== INFORMATION GIVEN
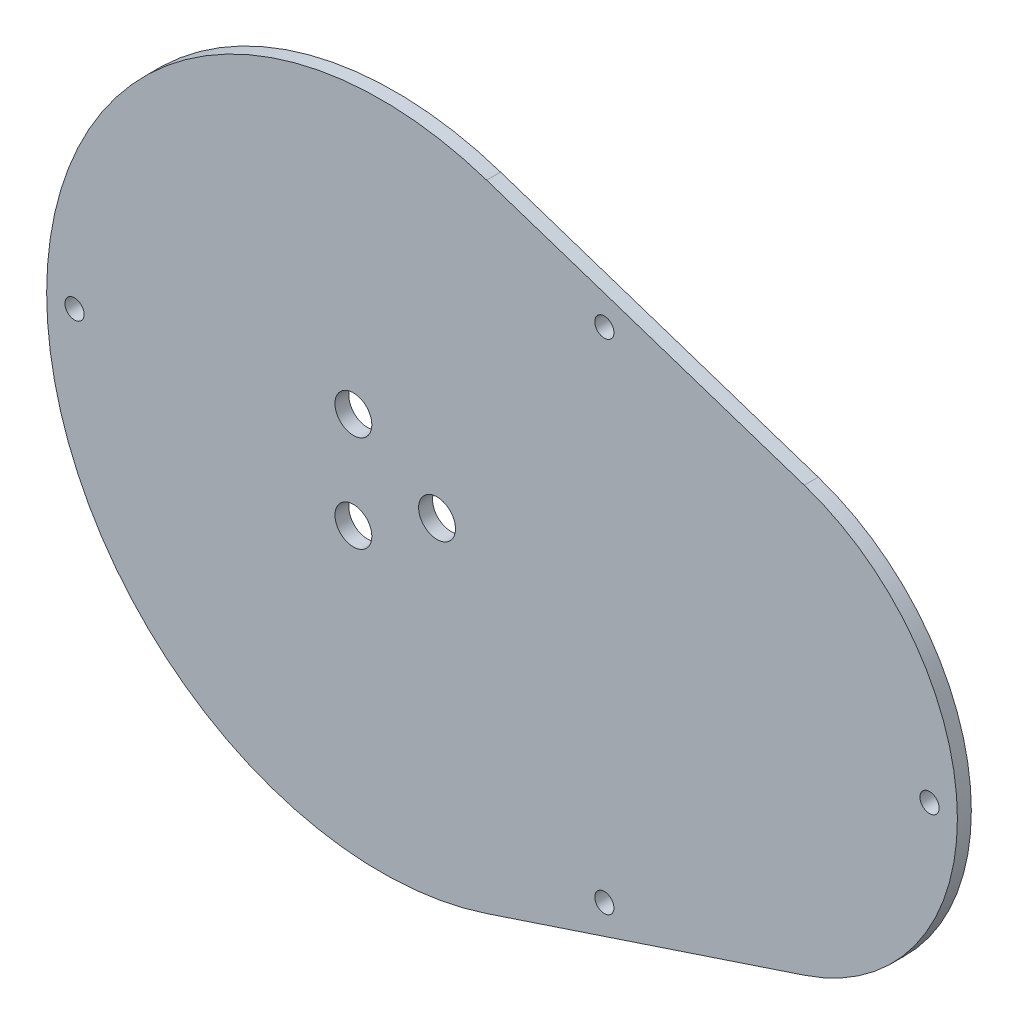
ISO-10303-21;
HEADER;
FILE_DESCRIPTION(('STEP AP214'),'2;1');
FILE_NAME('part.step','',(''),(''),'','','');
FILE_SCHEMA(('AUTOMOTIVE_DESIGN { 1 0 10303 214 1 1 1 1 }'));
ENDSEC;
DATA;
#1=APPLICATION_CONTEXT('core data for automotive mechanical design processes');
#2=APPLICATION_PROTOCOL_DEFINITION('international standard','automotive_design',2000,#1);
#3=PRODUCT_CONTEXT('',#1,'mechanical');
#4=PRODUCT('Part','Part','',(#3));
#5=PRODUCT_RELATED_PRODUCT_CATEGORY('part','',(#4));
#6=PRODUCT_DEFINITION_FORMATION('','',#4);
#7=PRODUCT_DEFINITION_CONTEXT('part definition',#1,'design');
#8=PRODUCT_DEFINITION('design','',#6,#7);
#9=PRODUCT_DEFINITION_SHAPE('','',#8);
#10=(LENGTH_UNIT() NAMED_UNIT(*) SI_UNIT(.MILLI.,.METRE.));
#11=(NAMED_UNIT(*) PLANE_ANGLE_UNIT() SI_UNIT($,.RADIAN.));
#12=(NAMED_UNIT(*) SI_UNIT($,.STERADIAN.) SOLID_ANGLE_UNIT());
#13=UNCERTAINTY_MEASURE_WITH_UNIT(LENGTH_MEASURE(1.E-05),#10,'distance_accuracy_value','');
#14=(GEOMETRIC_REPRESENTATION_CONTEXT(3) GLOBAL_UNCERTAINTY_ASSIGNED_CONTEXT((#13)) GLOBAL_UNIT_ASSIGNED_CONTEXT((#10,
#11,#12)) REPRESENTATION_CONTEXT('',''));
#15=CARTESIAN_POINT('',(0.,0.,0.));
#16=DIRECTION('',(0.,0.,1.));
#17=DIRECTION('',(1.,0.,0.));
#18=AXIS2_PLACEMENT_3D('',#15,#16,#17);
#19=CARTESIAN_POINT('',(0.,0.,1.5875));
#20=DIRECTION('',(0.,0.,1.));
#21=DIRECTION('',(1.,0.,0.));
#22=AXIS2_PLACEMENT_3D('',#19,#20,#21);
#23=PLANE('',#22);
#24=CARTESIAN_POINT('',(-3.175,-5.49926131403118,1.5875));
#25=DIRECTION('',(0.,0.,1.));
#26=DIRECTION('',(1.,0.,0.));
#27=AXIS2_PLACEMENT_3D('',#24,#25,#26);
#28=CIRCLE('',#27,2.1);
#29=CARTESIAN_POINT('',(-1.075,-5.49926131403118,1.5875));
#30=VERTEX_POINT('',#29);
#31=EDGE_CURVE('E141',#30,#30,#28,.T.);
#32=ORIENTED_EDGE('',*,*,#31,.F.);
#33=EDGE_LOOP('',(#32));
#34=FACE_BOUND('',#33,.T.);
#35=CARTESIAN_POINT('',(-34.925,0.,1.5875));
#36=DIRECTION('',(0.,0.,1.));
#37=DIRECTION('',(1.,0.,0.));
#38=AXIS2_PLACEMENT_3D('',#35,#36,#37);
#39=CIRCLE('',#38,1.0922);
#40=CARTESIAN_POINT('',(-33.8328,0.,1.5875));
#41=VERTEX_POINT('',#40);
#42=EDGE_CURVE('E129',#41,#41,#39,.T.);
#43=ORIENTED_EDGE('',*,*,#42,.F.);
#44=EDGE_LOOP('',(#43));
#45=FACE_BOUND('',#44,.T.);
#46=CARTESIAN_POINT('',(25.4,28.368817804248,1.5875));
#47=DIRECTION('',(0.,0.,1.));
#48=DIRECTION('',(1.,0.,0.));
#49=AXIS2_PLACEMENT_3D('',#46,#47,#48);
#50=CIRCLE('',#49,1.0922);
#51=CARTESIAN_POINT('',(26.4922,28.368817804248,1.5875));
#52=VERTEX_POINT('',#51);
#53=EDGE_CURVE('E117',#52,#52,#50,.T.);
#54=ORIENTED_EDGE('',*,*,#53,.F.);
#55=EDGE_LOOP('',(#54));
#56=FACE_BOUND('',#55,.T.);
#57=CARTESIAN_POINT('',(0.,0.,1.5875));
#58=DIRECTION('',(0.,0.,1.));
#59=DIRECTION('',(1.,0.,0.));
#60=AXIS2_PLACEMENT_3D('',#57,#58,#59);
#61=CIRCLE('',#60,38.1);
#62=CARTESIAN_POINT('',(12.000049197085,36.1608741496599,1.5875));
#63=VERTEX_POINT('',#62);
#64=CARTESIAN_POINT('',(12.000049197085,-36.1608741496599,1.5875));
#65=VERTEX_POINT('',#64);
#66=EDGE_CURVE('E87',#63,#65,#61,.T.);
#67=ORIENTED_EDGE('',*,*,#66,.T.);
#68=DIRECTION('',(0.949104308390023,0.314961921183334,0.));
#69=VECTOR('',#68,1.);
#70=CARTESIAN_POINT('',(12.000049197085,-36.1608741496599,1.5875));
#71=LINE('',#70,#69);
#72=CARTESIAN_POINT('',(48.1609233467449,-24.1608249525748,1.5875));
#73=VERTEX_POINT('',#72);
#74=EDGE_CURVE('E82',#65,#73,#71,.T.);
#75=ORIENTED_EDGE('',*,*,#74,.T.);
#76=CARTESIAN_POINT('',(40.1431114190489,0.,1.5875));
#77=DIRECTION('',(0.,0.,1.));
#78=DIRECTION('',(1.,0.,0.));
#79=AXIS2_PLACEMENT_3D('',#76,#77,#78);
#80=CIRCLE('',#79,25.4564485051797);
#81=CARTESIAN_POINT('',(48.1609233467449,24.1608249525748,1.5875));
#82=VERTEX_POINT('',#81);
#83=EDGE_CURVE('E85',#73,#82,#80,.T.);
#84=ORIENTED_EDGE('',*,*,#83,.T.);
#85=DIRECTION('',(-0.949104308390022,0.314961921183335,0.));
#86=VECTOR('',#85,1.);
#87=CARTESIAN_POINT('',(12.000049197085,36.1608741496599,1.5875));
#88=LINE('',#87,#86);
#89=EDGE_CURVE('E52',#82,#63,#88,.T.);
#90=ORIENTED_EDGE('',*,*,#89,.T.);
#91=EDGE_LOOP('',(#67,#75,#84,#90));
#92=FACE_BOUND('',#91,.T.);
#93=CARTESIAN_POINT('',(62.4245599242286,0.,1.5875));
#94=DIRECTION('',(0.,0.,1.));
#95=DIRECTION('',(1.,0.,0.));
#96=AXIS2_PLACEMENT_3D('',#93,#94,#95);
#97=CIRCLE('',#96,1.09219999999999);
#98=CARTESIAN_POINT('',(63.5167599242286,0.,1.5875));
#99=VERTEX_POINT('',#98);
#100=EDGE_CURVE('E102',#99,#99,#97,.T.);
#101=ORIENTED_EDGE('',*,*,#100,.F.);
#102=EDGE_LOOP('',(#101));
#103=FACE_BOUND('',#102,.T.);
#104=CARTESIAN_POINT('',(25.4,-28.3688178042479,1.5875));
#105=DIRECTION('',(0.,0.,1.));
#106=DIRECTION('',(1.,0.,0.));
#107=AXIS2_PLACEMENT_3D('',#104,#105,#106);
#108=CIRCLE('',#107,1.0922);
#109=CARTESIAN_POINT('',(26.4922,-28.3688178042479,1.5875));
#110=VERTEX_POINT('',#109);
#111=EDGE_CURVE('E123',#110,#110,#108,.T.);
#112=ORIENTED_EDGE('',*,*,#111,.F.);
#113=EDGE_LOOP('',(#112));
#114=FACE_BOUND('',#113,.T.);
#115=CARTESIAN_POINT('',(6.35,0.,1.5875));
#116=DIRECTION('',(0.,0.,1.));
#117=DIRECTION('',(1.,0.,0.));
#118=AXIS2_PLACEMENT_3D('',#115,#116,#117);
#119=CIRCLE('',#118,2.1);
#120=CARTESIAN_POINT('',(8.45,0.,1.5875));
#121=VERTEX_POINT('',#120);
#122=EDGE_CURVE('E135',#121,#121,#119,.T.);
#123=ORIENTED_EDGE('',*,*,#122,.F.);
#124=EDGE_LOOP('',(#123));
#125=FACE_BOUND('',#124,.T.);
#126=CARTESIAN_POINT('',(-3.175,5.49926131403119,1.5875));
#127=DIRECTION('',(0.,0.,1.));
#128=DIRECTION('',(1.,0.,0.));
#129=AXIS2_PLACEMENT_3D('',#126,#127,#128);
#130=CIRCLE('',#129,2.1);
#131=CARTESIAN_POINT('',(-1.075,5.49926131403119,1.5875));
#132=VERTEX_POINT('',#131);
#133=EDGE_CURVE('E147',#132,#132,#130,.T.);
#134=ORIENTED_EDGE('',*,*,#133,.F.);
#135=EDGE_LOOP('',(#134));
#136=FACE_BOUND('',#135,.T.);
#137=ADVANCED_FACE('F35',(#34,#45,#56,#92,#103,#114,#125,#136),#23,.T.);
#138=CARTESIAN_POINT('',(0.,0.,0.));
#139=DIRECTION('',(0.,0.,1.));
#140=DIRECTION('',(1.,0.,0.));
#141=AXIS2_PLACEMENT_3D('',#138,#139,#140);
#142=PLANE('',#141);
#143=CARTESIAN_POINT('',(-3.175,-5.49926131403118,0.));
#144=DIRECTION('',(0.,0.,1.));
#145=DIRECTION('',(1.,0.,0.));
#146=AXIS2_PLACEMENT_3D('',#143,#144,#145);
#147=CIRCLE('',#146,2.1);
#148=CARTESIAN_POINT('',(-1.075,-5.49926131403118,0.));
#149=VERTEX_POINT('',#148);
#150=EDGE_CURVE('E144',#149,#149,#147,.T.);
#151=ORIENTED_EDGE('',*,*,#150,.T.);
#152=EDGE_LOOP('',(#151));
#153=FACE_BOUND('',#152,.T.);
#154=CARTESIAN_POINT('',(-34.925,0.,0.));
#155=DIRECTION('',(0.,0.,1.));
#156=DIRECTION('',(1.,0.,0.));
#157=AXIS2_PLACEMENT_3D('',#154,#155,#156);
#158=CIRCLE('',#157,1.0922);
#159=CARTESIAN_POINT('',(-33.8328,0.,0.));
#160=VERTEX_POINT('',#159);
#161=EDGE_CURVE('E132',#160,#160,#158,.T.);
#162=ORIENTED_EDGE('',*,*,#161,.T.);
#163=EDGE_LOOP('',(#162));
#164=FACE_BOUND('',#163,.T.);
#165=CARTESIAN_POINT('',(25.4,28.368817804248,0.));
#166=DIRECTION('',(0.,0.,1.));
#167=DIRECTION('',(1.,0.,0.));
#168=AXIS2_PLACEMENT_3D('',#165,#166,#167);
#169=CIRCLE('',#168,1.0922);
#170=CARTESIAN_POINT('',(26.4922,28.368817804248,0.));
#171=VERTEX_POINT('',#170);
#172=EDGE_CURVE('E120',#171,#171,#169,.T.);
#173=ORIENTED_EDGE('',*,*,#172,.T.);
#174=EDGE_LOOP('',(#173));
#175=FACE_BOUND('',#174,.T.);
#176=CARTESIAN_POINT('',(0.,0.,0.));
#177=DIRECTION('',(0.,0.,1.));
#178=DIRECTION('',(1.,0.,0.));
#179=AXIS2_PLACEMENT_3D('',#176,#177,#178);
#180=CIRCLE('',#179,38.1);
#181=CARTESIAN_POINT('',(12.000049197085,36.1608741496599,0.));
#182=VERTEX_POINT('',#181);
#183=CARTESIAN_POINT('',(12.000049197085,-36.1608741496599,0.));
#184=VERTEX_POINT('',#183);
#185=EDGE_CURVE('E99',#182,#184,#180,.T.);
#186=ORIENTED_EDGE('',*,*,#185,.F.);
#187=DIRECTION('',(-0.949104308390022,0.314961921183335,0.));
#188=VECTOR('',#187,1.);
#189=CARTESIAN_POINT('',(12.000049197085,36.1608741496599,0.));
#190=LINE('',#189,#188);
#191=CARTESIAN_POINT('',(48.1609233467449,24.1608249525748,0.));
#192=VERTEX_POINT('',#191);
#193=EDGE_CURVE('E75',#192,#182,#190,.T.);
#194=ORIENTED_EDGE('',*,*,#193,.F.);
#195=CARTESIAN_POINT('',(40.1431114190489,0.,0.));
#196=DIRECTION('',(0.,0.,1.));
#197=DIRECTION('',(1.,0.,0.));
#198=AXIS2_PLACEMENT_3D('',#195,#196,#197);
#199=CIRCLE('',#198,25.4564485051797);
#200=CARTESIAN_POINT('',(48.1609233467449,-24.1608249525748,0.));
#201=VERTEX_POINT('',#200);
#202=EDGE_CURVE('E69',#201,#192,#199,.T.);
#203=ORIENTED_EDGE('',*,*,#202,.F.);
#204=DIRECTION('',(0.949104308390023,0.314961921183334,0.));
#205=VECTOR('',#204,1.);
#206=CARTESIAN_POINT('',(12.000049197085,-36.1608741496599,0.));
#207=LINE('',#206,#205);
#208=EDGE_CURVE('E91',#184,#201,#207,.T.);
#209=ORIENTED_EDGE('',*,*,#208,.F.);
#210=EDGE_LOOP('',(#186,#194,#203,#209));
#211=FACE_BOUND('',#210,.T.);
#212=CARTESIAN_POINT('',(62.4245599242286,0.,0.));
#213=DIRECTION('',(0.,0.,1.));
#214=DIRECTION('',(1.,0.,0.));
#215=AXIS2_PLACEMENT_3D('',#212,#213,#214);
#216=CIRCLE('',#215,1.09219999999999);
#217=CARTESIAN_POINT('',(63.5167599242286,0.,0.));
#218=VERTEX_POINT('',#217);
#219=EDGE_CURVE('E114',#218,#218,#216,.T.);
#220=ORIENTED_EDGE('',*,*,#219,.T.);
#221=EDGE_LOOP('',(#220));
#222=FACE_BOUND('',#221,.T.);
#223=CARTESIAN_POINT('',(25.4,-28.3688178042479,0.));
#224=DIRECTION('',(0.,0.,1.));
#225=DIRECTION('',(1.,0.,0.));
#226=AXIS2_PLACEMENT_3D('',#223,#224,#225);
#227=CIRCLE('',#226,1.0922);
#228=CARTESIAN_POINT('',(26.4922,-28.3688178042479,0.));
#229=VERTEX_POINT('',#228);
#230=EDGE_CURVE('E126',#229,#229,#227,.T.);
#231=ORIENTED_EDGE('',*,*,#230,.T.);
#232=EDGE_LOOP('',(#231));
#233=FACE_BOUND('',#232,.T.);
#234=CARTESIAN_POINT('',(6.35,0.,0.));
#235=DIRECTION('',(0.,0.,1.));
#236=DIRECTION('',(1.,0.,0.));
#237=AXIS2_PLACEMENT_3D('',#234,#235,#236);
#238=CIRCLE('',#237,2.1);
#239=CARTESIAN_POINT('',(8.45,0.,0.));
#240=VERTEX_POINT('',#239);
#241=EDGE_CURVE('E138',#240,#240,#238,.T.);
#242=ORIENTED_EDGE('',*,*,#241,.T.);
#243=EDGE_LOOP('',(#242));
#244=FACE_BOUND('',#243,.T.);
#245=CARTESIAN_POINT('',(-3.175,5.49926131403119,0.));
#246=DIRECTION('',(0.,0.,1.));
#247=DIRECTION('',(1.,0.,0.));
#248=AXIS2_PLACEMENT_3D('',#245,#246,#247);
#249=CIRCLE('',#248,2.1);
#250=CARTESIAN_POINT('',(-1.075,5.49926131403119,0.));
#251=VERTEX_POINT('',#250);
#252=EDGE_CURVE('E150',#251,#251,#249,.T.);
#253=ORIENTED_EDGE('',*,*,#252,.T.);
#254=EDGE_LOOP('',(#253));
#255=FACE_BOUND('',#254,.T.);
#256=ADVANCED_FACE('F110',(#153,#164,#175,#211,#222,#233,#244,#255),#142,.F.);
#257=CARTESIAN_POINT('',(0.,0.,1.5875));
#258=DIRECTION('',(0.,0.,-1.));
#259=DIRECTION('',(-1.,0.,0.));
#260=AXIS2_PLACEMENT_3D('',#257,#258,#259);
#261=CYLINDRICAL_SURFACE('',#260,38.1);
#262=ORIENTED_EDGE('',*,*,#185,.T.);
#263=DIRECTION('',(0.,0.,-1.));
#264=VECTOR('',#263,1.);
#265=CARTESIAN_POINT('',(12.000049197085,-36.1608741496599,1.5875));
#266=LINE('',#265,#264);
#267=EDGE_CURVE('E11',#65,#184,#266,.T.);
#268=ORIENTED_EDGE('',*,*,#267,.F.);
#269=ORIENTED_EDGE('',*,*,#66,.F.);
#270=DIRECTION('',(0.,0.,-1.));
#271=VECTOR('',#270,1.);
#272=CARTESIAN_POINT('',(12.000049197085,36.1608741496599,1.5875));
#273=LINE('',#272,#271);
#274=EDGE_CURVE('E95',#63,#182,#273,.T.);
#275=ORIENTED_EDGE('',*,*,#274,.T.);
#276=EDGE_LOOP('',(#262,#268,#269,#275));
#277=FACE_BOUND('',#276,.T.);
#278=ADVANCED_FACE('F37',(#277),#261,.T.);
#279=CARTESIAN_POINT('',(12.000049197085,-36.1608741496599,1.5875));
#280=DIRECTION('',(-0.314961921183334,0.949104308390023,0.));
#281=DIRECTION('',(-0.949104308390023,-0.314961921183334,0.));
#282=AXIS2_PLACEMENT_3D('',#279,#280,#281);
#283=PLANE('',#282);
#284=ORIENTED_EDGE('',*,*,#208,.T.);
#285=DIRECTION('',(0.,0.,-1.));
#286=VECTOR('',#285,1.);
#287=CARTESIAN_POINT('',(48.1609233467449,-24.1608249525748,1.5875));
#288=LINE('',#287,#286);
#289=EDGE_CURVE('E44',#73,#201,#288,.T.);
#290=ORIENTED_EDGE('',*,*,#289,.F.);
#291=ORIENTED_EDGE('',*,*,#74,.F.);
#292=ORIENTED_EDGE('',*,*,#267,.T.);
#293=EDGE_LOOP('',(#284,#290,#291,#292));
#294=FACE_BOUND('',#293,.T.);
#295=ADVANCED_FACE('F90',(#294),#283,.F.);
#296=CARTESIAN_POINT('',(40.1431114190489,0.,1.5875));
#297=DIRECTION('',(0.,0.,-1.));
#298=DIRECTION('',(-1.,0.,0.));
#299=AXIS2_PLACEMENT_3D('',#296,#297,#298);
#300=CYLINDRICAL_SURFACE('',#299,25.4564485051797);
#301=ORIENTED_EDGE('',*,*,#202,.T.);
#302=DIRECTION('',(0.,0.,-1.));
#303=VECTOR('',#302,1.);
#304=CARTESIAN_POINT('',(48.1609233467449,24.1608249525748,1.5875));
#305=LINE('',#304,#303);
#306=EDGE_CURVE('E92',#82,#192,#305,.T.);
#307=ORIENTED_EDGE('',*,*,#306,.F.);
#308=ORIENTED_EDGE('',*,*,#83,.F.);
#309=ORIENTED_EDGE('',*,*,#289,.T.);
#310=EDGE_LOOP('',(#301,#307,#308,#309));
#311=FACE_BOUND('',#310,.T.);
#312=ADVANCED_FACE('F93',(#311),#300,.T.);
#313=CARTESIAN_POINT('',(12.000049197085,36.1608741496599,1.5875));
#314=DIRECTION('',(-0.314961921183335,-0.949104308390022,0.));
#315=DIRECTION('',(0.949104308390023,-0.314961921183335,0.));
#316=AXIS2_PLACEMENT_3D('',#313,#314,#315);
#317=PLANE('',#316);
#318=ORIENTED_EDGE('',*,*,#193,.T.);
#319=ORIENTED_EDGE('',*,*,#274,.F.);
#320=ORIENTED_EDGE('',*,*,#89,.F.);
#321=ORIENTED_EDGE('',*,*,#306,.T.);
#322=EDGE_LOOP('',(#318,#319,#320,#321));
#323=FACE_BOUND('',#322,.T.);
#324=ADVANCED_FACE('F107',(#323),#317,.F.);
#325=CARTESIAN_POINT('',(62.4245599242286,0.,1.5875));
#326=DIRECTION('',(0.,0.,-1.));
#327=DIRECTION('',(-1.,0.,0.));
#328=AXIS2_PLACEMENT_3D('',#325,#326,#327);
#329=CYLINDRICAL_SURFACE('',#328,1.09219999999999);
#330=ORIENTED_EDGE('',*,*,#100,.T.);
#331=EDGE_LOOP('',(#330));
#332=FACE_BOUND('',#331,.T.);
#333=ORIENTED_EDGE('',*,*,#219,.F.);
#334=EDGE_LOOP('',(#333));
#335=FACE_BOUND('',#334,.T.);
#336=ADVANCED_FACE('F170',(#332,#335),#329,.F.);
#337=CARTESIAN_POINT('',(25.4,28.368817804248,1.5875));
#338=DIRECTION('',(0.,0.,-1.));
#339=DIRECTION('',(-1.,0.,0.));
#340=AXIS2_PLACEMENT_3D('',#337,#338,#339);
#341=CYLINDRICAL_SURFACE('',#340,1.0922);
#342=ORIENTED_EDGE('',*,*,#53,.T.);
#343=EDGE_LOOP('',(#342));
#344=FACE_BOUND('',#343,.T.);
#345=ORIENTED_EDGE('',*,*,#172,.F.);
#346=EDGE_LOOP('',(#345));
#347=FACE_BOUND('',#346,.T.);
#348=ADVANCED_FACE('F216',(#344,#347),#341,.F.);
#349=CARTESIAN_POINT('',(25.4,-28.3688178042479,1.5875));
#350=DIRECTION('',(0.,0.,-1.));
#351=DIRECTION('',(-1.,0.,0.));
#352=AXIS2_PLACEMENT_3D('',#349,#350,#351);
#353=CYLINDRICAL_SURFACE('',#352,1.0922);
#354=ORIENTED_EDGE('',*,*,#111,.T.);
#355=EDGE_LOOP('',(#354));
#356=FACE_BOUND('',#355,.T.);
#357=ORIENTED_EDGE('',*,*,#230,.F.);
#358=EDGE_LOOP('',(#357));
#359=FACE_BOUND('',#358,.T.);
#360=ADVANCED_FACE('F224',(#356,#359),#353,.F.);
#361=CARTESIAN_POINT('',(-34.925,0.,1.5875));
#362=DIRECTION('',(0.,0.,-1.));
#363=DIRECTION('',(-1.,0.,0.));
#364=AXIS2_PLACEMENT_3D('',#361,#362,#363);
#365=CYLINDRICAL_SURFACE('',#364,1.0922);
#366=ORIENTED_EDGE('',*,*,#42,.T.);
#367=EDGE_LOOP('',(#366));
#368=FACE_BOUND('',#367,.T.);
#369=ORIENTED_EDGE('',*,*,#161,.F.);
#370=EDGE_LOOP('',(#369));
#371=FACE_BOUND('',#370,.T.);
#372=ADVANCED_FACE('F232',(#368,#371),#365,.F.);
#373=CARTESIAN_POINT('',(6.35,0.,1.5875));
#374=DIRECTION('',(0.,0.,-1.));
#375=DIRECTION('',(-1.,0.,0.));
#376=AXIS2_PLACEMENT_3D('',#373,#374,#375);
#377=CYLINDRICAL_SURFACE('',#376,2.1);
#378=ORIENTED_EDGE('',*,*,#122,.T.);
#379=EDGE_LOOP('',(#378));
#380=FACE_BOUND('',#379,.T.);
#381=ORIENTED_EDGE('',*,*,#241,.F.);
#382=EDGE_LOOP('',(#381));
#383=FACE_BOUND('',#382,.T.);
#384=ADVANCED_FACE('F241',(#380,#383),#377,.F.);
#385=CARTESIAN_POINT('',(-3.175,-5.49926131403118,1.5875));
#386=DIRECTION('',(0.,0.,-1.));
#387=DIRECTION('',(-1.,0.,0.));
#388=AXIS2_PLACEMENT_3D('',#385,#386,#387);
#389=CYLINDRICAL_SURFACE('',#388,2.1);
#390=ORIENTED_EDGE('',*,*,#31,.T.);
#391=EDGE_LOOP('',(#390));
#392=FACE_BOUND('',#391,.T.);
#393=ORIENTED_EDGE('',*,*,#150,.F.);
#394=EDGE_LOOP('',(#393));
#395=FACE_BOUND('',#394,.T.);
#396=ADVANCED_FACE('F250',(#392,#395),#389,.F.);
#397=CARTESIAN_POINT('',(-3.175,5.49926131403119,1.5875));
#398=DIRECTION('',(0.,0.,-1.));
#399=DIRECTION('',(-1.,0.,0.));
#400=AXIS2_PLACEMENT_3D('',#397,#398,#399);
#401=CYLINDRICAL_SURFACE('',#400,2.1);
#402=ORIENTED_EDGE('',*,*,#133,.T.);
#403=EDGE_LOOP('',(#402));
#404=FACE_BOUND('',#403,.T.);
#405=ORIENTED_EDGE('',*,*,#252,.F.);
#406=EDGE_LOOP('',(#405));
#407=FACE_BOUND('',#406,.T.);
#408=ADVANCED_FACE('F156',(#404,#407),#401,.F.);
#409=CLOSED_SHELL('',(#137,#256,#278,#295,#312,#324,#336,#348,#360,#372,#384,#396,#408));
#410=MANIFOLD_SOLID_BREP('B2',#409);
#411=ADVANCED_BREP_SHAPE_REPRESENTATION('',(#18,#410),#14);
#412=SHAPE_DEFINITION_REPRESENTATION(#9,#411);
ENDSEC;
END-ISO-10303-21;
====
- [TASK OBJECTIVE] For this exercise, repeat exactly the lines of the data above from the one with "#53=EDGE_CURVE('E117',#52,#52,#50,.T.);" down to the one with "#90=ORIENTED_EDGE('',*,*,#89,.T.);", both end lines included.

- [WRITTEN REPLY]
#53=EDGE_CURVE('E117',#52,#52,#50,.T.);
#54=ORIENTED_EDGE('',*,*,#53,.F.);
#55=EDGE_LOOP('',(#54));
#56=FACE_BOUND('',#55,.T.);
#57=CARTESIAN_POINT('',(0.,0.,1.5875));
#58=DIRECTION('',(0.,0.,1.));
#59=DIRECTION('',(1.,0.,0.));
#60=AXIS2_PLACEMENT_3D('',#57,#58,#59);
#61=CIRCLE('',#60,38.1);
#62=CARTESIAN_POINT('',(12.000049197085,36.1608741496599,1.5875));
#63=VERTEX_POINT('',#62);
#64=CARTESIAN_POINT('',(12.000049197085,-36.1608741496599,1.5875));
#65=VERTEX_POINT('',#64);
#66=EDGE_CURVE('E87',#63,#65,#61,.T.);
#67=ORIENTED_EDGE('',*,*,#66,.T.);
#68=DIRECTION('',(0.949104308390023,0.314961921183334,0.));
#69=VECTOR('',#68,1.);
#70=CARTESIAN_POINT('',(12.000049197085,-36.1608741496599,1.5875));
#71=LINE('',#70,#69);
#72=CARTESIAN_POINT('',(48.1609233467449,-24.1608249525748,1.5875));
#73=VERTEX_POINT('',#72);
#74=EDGE_CURVE('E82',#65,#73,#71,.T.);
#75=ORIENTED_EDGE('',*,*,#74,.T.);
#76=CARTESIAN_POINT('',(40.1431114190489,0.,1.5875));
#77=DIRECTION('',(0.,0.,1.));
#78=DIRECTION('',(1.,0.,0.));
#79=AXIS2_PLACEMENT_3D('',#76,#77,#78);
#80=CIRCLE('',#79,25.4564485051797);
#81=CARTESIAN_POINT('',(48.1609233467449,24.1608249525748,1.5875));
#82=VERTEX_POINT('',#81);
#83=EDGE_CURVE('E85',#73,#82,#80,.T.);
#84=ORIENTED_EDGE('',*,*,#83,.T.);
#85=DIRECTION('',(-0.949104308390022,0.314961921183335,0.));
#86=VECTOR('',#85,1.);
#87=CARTESIAN_POINT('',(12.000049197085,36.1608741496599,1.5875));
#88=LINE('',#87,#86);
#89=EDGE_CURVE('E52',#82,#63,#88,.T.);
#90=ORIENTED_EDGE('',*,*,#89,.T.);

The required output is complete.